In this section the article has given the variables which trigger the burden on the part of the care giver. The article as laid much weight on the patient as t he cause of this burden. It should be noted that the article fails to mention cultural variables whereby the caregivers are expected to take care of patients no what kind of a situation they might be in. such kind of value though they might be rare tend to favor the patient side at the expense of the care givers. Next the article moves on to examine the impacts of this burden (Papastavrou et al., 2007, p. 446).
Consequences of Burden
Studies implicate family caregivers of patients with dementia with the likelihood of experiencing increased physical and psychological morbidity. When a relative is diagnosed with dementia it becomes quite stressing to the caregivers. The articles symbolizes the sorrow of this burden with that of death. The article uses the term, “disenfranchised grief” (Papastavrou et al., 2007, p. 447). This section brings out the seriousness of the challenges with which care givers views the care giving services. It shows a great challenge which needs to be taken care of.

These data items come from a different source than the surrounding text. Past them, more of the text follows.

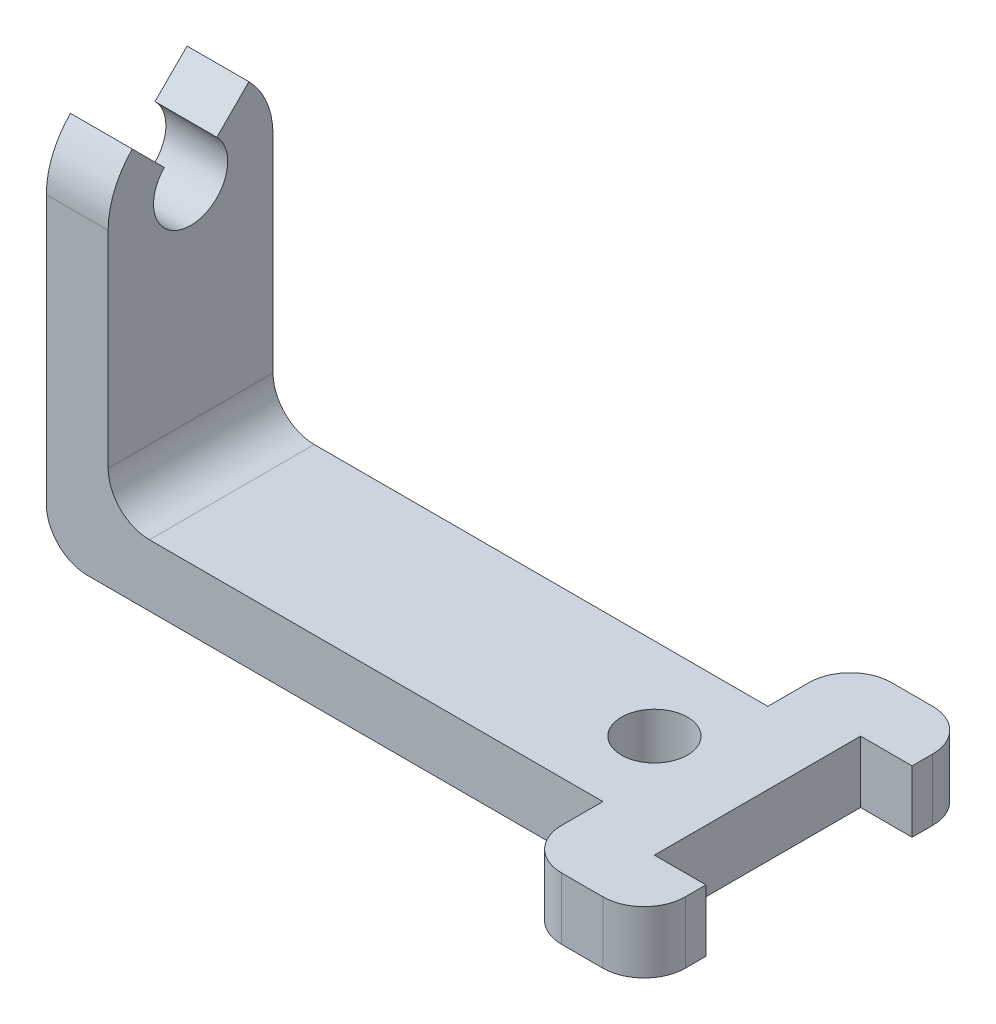
ISO-10303-21;
HEADER;
FILE_DESCRIPTION(('STEP AP214'),'2;1');
FILE_NAME('part.step','',(''),(''),'','','');
FILE_SCHEMA(('AUTOMOTIVE_DESIGN { 1 0 10303 214 1 1 1 1 }'));
ENDSEC;
DATA;
#1=APPLICATION_CONTEXT('core data for automotive mechanical design processes');
#2=APPLICATION_PROTOCOL_DEFINITION('international standard','automotive_design',2000,#1);
#3=PRODUCT_CONTEXT('',#1,'mechanical');
#4=PRODUCT('Part','Part','',(#3));
#5=PRODUCT_RELATED_PRODUCT_CATEGORY('part','',(#4));
#6=PRODUCT_DEFINITION_FORMATION('','',#4);
#7=PRODUCT_DEFINITION_CONTEXT('part definition',#1,'design');
#8=PRODUCT_DEFINITION('design','',#6,#7);
#9=PRODUCT_DEFINITION_SHAPE('','',#8);
#10=(LENGTH_UNIT() NAMED_UNIT(*) SI_UNIT(.MILLI.,.METRE.));
#11=(NAMED_UNIT(*) PLANE_ANGLE_UNIT() SI_UNIT($,.RADIAN.));
#12=(NAMED_UNIT(*) SI_UNIT($,.STERADIAN.) SOLID_ANGLE_UNIT());
#13=UNCERTAINTY_MEASURE_WITH_UNIT(LENGTH_MEASURE(1.E-05),#10,'distance_accuracy_value','');
#14=(GEOMETRIC_REPRESENTATION_CONTEXT(3) GLOBAL_UNCERTAINTY_ASSIGNED_CONTEXT((#13)) GLOBAL_UNIT_ASSIGNED_CONTEXT((#10,
#11,#12)) REPRESENTATION_CONTEXT('',''));
#15=CARTESIAN_POINT('',(0.,0.,0.));
#16=DIRECTION('',(0.,0.,1.));
#17=DIRECTION('',(1.,0.,0.));
#18=AXIS2_PLACEMENT_3D('',#15,#16,#17);
#19=CARTESIAN_POINT('',(0.,3.,0.));
#20=DIRECTION('',(0.,-1.,0.));
#21=DIRECTION('',(0.,0.,-1.));
#22=AXIS2_PLACEMENT_3D('',#19,#20,#21);
#23=PLANE('',#22);
#24=DIRECTION('',(-1.,0.,0.));
#25=VECTOR('',#24,1.);
#26=CARTESIAN_POINT('',(-14.5,3.,-4.));
#27=LINE('',#26,#25);
#28=CARTESIAN_POINT('',(12.5,3.,-4.));
#29=VERTEX_POINT('',#28);
#30=CARTESIAN_POINT('',(-9.50000000000001,3.,-4.));
#31=VERTEX_POINT('',#30);
#32=EDGE_CURVE('E321',#29,#31,#27,.T.);
#33=ORIENTED_EDGE('',*,*,#32,.T.);
#34=DIRECTION('',(0.,0.,1.));
#35=VECTOR('',#34,1.);
#36=CARTESIAN_POINT('',(-9.50000000000001,3.,4.));
#37=LINE('',#36,#35);
#38=CARTESIAN_POINT('',(-9.50000000000001,3.,4.));
#39=VERTEX_POINT('',#38);
#40=EDGE_CURVE('E446',#31,#39,#37,.T.);
#41=ORIENTED_EDGE('',*,*,#40,.T.);
#42=DIRECTION('',(1.,0.,0.));
#43=VECTOR('',#42,1.);
#44=CARTESIAN_POINT('',(-14.5,3.,4.));
#45=LINE('',#44,#43);
#46=CARTESIAN_POINT('',(12.5,3.,4.));
#47=VERTEX_POINT('',#46);
#48=EDGE_CURVE('E325',#39,#47,#45,.T.);
#49=ORIENTED_EDGE('',*,*,#48,.T.);
#50=DIRECTION('',(0.,0.,1.));
#51=VECTOR('',#50,1.);
#52=CARTESIAN_POINT('',(12.5,3.,4.));
#53=LINE('',#52,#51);
#54=CARTESIAN_POINT('',(12.5,3.,6.));
#55=VERTEX_POINT('',#54);
#56=EDGE_CURVE('E289',#47,#55,#53,.T.);
#57=ORIENTED_EDGE('',*,*,#56,.T.);
#58=CARTESIAN_POINT('',(14.5,3.,6.));
#59=DIRECTION('',(0.,-1.,0.));
#60=DIRECTION('',(0.,0.,-1.));
#61=AXIS2_PLACEMENT_3D('',#58,#59,#60);
#62=CIRCLE('',#61,2.);
#63=CARTESIAN_POINT('',(14.5,3.,8.));
#64=VERTEX_POINT('',#63);
#65=EDGE_CURVE('E423',#55,#64,#62,.F.);
#66=ORIENTED_EDGE('',*,*,#65,.T.);
#67=DIRECTION('',(1.,0.,0.));
#68=VECTOR('',#67,1.);
#69=CARTESIAN_POINT('',(18.5,3.,8.));
#70=LINE('',#69,#68);
#71=CARTESIAN_POINT('',(16.5,3.,8.));
#72=VERTEX_POINT('',#71);
#73=EDGE_CURVE('E293',#64,#72,#70,.T.);
#74=ORIENTED_EDGE('',*,*,#73,.T.);
#75=CARTESIAN_POINT('',(16.5,3.,6.));
#76=DIRECTION('',(0.,-1.,0.));
#77=DIRECTION('',(0.,0.,-1.));
#78=AXIS2_PLACEMENT_3D('',#75,#76,#77);
#79=CIRCLE('',#78,2.);
#80=CARTESIAN_POINT('',(18.5,3.,6.));
#81=VERTEX_POINT('',#80);
#82=EDGE_CURVE('E417',#72,#81,#79,.F.);
#83=ORIENTED_EDGE('',*,*,#82,.T.);
#84=DIRECTION('',(0.,0.,-1.));
#85=VECTOR('',#84,1.);
#86=CARTESIAN_POINT('',(18.5,3.,8.));
#87=LINE('',#86,#85);
#88=CARTESIAN_POINT('',(18.5,3.,5.));
#89=VERTEX_POINT('',#88);
#90=EDGE_CURVE('E298',#81,#89,#87,.T.);
#91=ORIENTED_EDGE('',*,*,#90,.T.);
#92=DIRECTION('',(-1.,0.,0.));
#93=VECTOR('',#92,1.);
#94=CARTESIAN_POINT('',(16.,3.,5.));
#95=LINE('',#94,#93);
#96=CARTESIAN_POINT('',(16.,3.,5.));
#97=VERTEX_POINT('',#96);
#98=EDGE_CURVE('E301',#89,#97,#95,.T.);
#99=ORIENTED_EDGE('',*,*,#98,.T.);
#100=DIRECTION('',(0.,0.,-1.));
#101=VECTOR('',#100,1.);
#102=CARTESIAN_POINT('',(16.,3.,5.));
#103=LINE('',#102,#101);
#104=CARTESIAN_POINT('',(16.,3.,-5.));
#105=VERTEX_POINT('',#104);
#106=EDGE_CURVE('E304',#97,#105,#103,.T.);
#107=ORIENTED_EDGE('',*,*,#106,.T.);
#108=DIRECTION('',(1.,0.,0.));
#109=VECTOR('',#108,1.);
#110=CARTESIAN_POINT('',(16.,3.,-5.));
#111=LINE('',#110,#109);
#112=CARTESIAN_POINT('',(18.5,3.,-5.));
#113=VERTEX_POINT('',#112);
#114=EDGE_CURVE('E307',#105,#113,#111,.T.);
#115=ORIENTED_EDGE('',*,*,#114,.T.);
#116=DIRECTION('',(0.,0.,-1.));
#117=VECTOR('',#116,1.);
#118=CARTESIAN_POINT('',(18.5,3.,-5.));
#119=LINE('',#118,#117);
#120=CARTESIAN_POINT('',(18.5,3.,-6.));
#121=VERTEX_POINT('',#120);
#122=EDGE_CURVE('E310',#113,#121,#119,.T.);
#123=ORIENTED_EDGE('',*,*,#122,.T.);
#124=CARTESIAN_POINT('',(16.5,3.,-6.));
#125=DIRECTION('',(0.,-1.,0.));
#126=DIRECTION('',(0.,0.,-1.));
#127=AXIS2_PLACEMENT_3D('',#124,#125,#126);
#128=CIRCLE('',#127,2.);
#129=CARTESIAN_POINT('',(16.5,3.,-8.));
#130=VERTEX_POINT('',#129);
#131=EDGE_CURVE('E420',#121,#130,#128,.F.);
#132=ORIENTED_EDGE('',*,*,#131,.T.);
#133=DIRECTION('',(-1.,0.,0.));
#134=VECTOR('',#133,1.);
#135=CARTESIAN_POINT('',(18.5,3.,-8.));
#136=LINE('',#135,#134);
#137=CARTESIAN_POINT('',(14.5,3.,-8.));
#138=VERTEX_POINT('',#137);
#139=EDGE_CURVE('E314',#130,#138,#136,.T.);
#140=ORIENTED_EDGE('',*,*,#139,.T.);
#141=CARTESIAN_POINT('',(14.5,3.,-6.));
#142=DIRECTION('',(0.,-1.,0.));
#143=DIRECTION('',(0.,0.,-1.));
#144=AXIS2_PLACEMENT_3D('',#141,#142,#143);
#145=CIRCLE('',#144,2.);
#146=CARTESIAN_POINT('',(12.5,3.,-6.));
#147=VERTEX_POINT('',#146);
#148=EDGE_CURVE('E426',#138,#147,#145,.F.);
#149=ORIENTED_EDGE('',*,*,#148,.T.);
#150=DIRECTION('',(0.,0.,1.));
#151=VECTOR('',#150,1.);
#152=CARTESIAN_POINT('',(12.5,3.,-8.));
#153=LINE('',#152,#151);
#154=EDGE_CURVE('E318',#147,#29,#153,.T.);
#155=ORIENTED_EDGE('',*,*,#154,.T.);
#156=EDGE_LOOP('',(#33,#41,#49,#57,#66,#74,#83,#91,#99,#107,#115,#123,#132,#140,#149,#155));
#157=FACE_BOUND('',#156,.T.);
#158=CARTESIAN_POINT('',(11.,3.,0.));
#159=DIRECTION('',(0.,1.,0.));
#160=DIRECTION('',(0.,0.,1.));
#161=AXIS2_PLACEMENT_3D('',#158,#159,#160);
#162=CIRCLE('',#161,1.6);
#163=CARTESIAN_POINT('',(11.,3.,1.6));
#164=VERTEX_POINT('',#163);
#165=EDGE_CURVE('E281',#164,#164,#162,.T.);
#166=ORIENTED_EDGE('',*,*,#165,.F.);
#167=EDGE_LOOP('',(#166));
#168=FACE_BOUND('',#167,.T.);
#169=ADVANCED_FACE('F39',(#157,#168),#23,.F.);
#170=CARTESIAN_POINT('',(0.,0.,0.));
#171=DIRECTION('',(0.,-1.,0.));
#172=DIRECTION('',(0.,0.,-1.));
#173=AXIS2_PLACEMENT_3D('',#170,#171,#172);
#174=PLANE('',#173);
#175=DIRECTION('',(1.,0.,0.));
#176=VECTOR('',#175,1.);
#177=CARTESIAN_POINT('',(-14.5,0.,4.));
#178=LINE('',#177,#176);
#179=CARTESIAN_POINT('',(-12.5,0.,4.));
#180=VERTEX_POINT('',#179);
#181=CARTESIAN_POINT('',(12.5,0.,4.));
#182=VERTEX_POINT('',#181);
#183=EDGE_CURVE('E294',#180,#182,#178,.T.);
#184=ORIENTED_EDGE('',*,*,#183,.F.);
#185=DIRECTION('',(0.,0.,1.));
#186=VECTOR('',#185,1.);
#187=CARTESIAN_POINT('',(-12.5,0.,-4.));
#188=LINE('',#187,#186);
#189=CARTESIAN_POINT('',(-12.5,0.,-4.));
#190=VERTEX_POINT('',#189);
#191=EDGE_CURVE('E55',#180,#190,#188,.F.);
#192=ORIENTED_EDGE('',*,*,#191,.T.);
#193=DIRECTION('',(-1.,0.,0.));
#194=VECTOR('',#193,1.);
#195=CARTESIAN_POINT('',(-14.5,0.,-4.));
#196=LINE('',#195,#194);
#197=CARTESIAN_POINT('',(12.5,0.,-4.));
#198=VERTEX_POINT('',#197);
#199=EDGE_CURVE('E359',#198,#190,#196,.T.);
#200=ORIENTED_EDGE('',*,*,#199,.F.);
#201=DIRECTION('',(0.,0.,1.));
#202=VECTOR('',#201,1.);
#203=CARTESIAN_POINT('',(12.5,0.,-8.));
#204=LINE('',#203,#202);
#205=CARTESIAN_POINT('',(12.5,0.,-6.));
#206=VERTEX_POINT('',#205);
#207=EDGE_CURVE('E356',#206,#198,#204,.T.);
#208=ORIENTED_EDGE('',*,*,#207,.F.);
#209=CARTESIAN_POINT('',(14.5,0.,-6.));
#210=DIRECTION('',(0.,-1.,0.));
#211=DIRECTION('',(0.,0.,-1.));
#212=AXIS2_PLACEMENT_3D('',#209,#210,#211);
#213=CIRCLE('',#212,2.);
#214=CARTESIAN_POINT('',(14.5,0.,-8.));
#215=VERTEX_POINT('',#214);
#216=EDGE_CURVE('E407',#206,#215,#213,.T.);
#217=ORIENTED_EDGE('',*,*,#216,.T.);
#218=DIRECTION('',(-1.,0.,0.));
#219=VECTOR('',#218,1.);
#220=CARTESIAN_POINT('',(18.5,0.,-8.));
#221=LINE('',#220,#219);
#222=CARTESIAN_POINT('',(16.5,0.,-8.));
#223=VERTEX_POINT('',#222);
#224=EDGE_CURVE('E352',#223,#215,#221,.T.);
#225=ORIENTED_EDGE('',*,*,#224,.F.);
#226=CARTESIAN_POINT('',(16.5,0.,-6.));
#227=DIRECTION('',(0.,-1.,0.));
#228=DIRECTION('',(0.,0.,-1.));
#229=AXIS2_PLACEMENT_3D('',#226,#227,#228);
#230=CIRCLE('',#229,2.);
#231=CARTESIAN_POINT('',(18.5,0.,-6.));
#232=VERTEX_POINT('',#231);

The article next discusses another variable affecting the burden of the caregiver.
Women caregivers have been implicated with vulnerability as compared to their male caregivers counterparts. This article claims that a great portion of caregivers for patients with dementia are women and as such they are more prone to be depressed. The women in addition are said to have lower mastery skills on adapting to the situation. Men are assumed to cope easily with the situation of a caregiver’s situation. The article quotes some other studies claiming that men are likely to receive more informal support than women.
This research used a cross –sectional descriptive study. In this design several methods were used to select and analyse data. The collection of the data took place between 2004 and 2005. The use of many methods in data collection helps to collect reliable information and reduces the biases involved in research.
The study made use 172 patients primary caregiver dyads. The participation was on a voluntary basis with 130 of the participants being drawn from the community residents. The rest were drawn from long term institutions specifically to answer the research question. The inclusion criteria for the caregivers who were included were the frequency with which they got in touch with patients. Other limits were that the caregivers at least must have had an experience of at least one year with the patients. The caregiver had to be free of any mental illness. The patient to the caregiver relationship which existed was mainly that of son, daughter (Papastavrou et al., 2007, p. 448).
The criterion used is sufficient to eliminate any bias from the research. By ensuring that the caregivers who could participate in the research had a more than one year contact with the patient would ensure that the results and opinions gathered would be from real life experience and which do real take place.